■ **Action item**: Across the entries that follow, count each line holding "powered" and state the total alone.
***
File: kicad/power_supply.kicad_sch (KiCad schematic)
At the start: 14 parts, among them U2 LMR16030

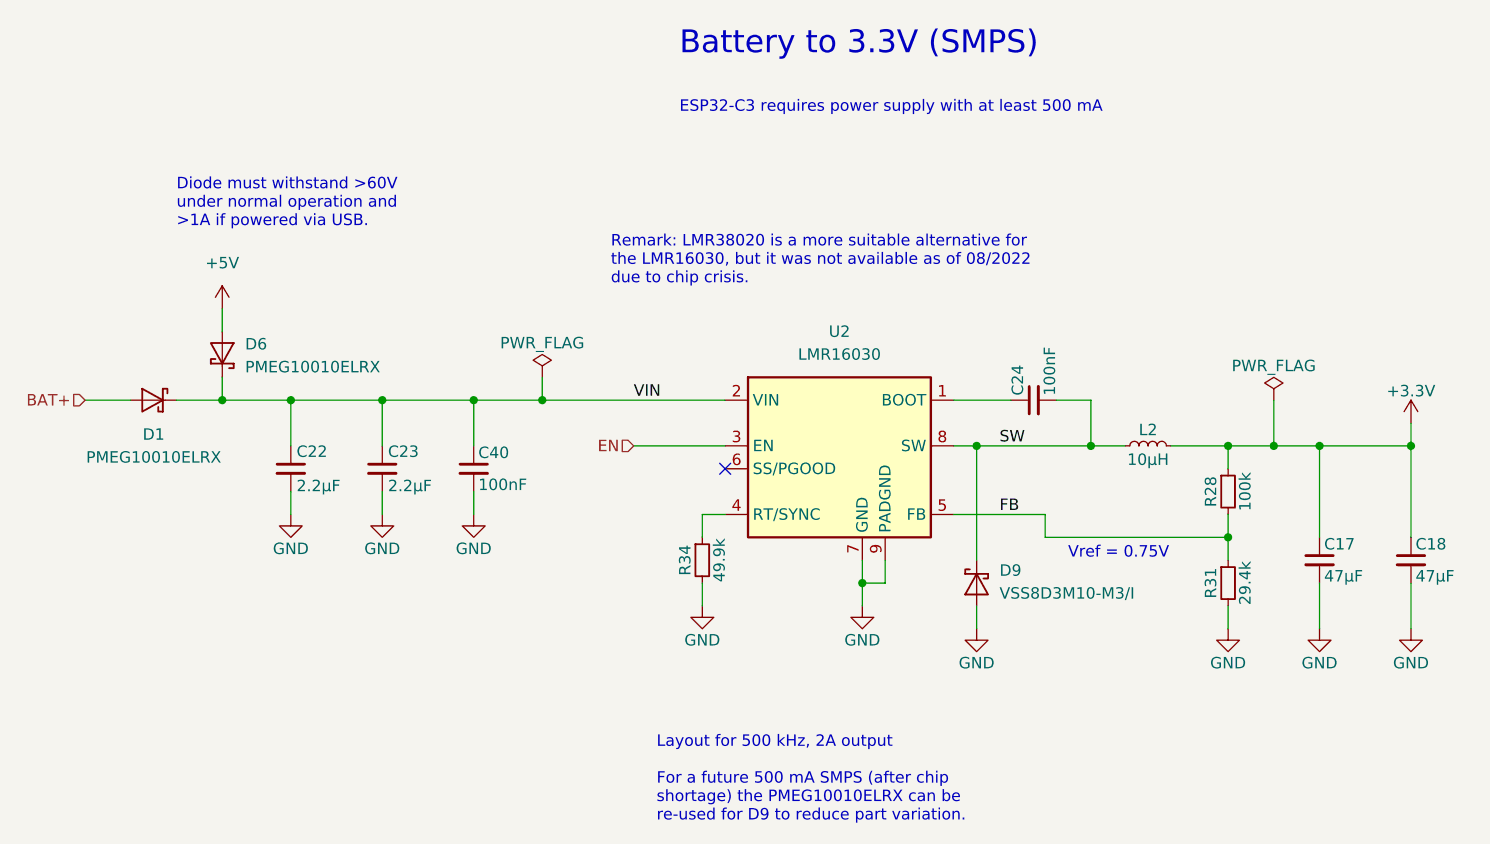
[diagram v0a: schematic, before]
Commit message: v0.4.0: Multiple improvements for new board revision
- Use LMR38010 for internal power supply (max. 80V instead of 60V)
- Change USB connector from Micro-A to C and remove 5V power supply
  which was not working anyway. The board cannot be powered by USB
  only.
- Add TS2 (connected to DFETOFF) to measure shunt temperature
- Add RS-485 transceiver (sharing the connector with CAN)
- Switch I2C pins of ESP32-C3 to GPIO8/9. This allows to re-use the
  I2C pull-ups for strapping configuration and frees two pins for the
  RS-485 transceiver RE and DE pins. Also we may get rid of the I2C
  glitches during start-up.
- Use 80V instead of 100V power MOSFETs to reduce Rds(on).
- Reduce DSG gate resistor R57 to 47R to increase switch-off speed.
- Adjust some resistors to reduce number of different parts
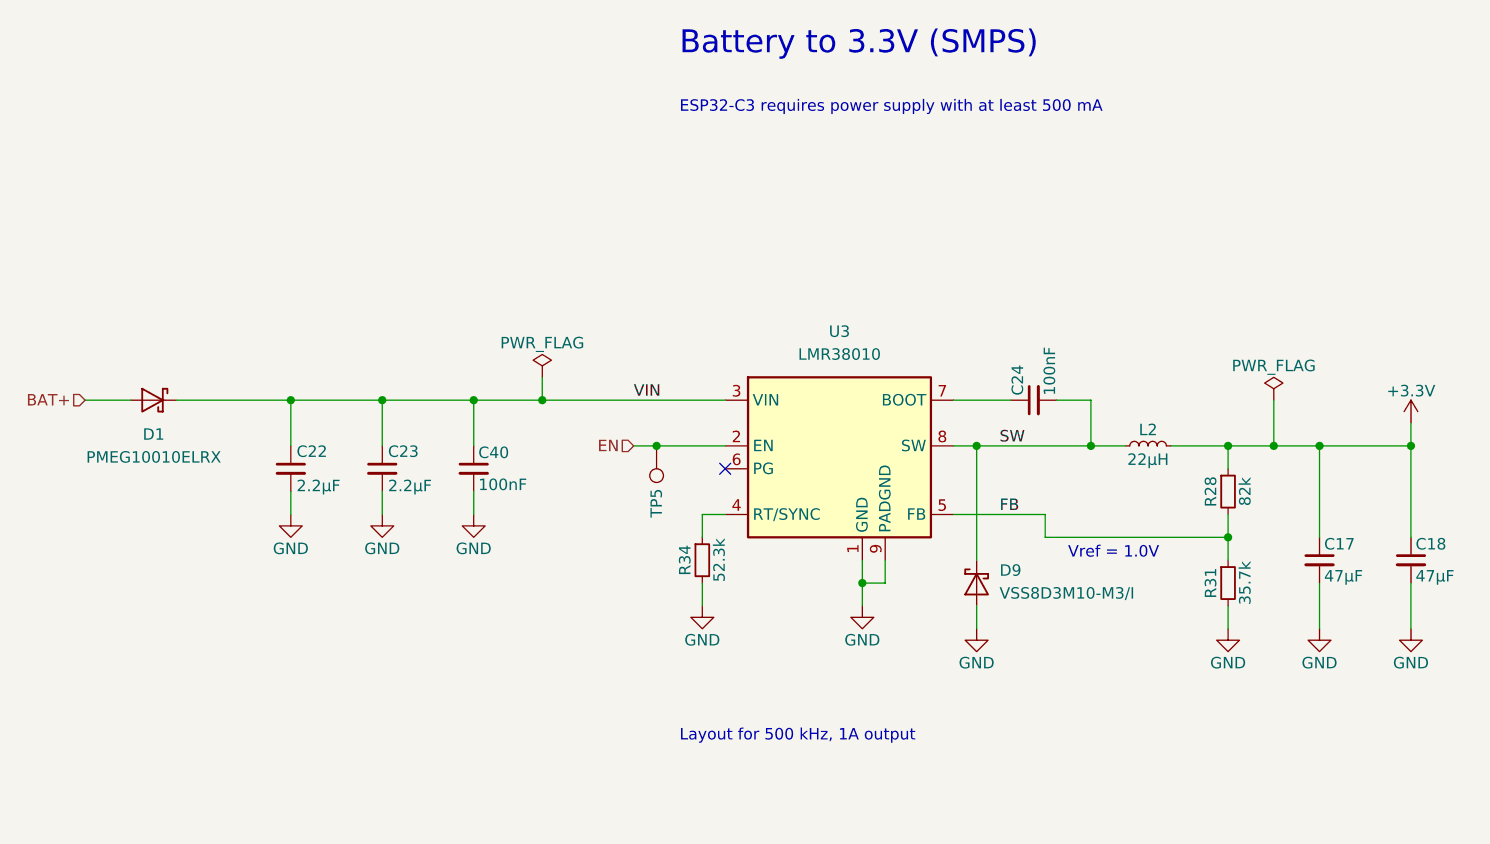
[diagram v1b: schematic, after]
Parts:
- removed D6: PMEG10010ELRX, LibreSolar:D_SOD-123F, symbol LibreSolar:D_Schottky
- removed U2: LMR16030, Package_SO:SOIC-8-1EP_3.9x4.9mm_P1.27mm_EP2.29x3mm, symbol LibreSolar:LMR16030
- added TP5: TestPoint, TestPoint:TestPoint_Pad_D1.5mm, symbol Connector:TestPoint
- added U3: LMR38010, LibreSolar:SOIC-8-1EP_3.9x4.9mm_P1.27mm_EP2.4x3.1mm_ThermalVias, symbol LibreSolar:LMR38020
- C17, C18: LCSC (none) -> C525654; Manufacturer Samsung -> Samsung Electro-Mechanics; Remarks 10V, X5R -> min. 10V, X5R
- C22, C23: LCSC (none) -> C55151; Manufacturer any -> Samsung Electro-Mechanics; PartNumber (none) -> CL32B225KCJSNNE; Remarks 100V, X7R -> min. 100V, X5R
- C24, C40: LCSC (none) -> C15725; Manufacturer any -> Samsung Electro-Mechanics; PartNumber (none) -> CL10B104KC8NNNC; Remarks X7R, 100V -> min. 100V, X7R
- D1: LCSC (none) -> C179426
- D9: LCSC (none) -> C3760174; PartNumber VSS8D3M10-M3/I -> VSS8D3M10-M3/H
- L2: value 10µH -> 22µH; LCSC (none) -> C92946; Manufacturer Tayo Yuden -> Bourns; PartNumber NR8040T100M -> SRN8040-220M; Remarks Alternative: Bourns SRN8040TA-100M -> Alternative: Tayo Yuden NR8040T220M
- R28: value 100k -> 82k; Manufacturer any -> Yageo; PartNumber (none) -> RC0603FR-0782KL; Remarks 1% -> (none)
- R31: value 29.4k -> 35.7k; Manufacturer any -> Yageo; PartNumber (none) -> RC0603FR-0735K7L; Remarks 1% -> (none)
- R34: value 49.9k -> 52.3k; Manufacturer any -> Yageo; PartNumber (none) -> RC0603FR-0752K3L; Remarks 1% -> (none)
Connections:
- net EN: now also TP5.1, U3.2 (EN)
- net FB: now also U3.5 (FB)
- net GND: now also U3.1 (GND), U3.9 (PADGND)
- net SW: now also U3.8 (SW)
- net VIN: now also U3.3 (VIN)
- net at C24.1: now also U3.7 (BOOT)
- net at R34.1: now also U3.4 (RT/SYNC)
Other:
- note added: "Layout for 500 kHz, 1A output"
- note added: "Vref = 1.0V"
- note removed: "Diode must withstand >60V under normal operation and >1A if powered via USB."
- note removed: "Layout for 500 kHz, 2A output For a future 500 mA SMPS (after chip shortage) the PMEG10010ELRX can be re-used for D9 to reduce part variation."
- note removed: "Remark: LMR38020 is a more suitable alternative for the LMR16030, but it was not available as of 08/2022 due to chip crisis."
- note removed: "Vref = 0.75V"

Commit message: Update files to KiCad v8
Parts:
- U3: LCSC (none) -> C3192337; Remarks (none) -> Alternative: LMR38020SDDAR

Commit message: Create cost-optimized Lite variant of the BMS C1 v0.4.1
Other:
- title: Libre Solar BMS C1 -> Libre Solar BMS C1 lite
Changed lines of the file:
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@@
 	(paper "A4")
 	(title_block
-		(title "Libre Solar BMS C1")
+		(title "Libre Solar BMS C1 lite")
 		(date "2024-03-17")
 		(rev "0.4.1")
***
■ **Your solution**: 2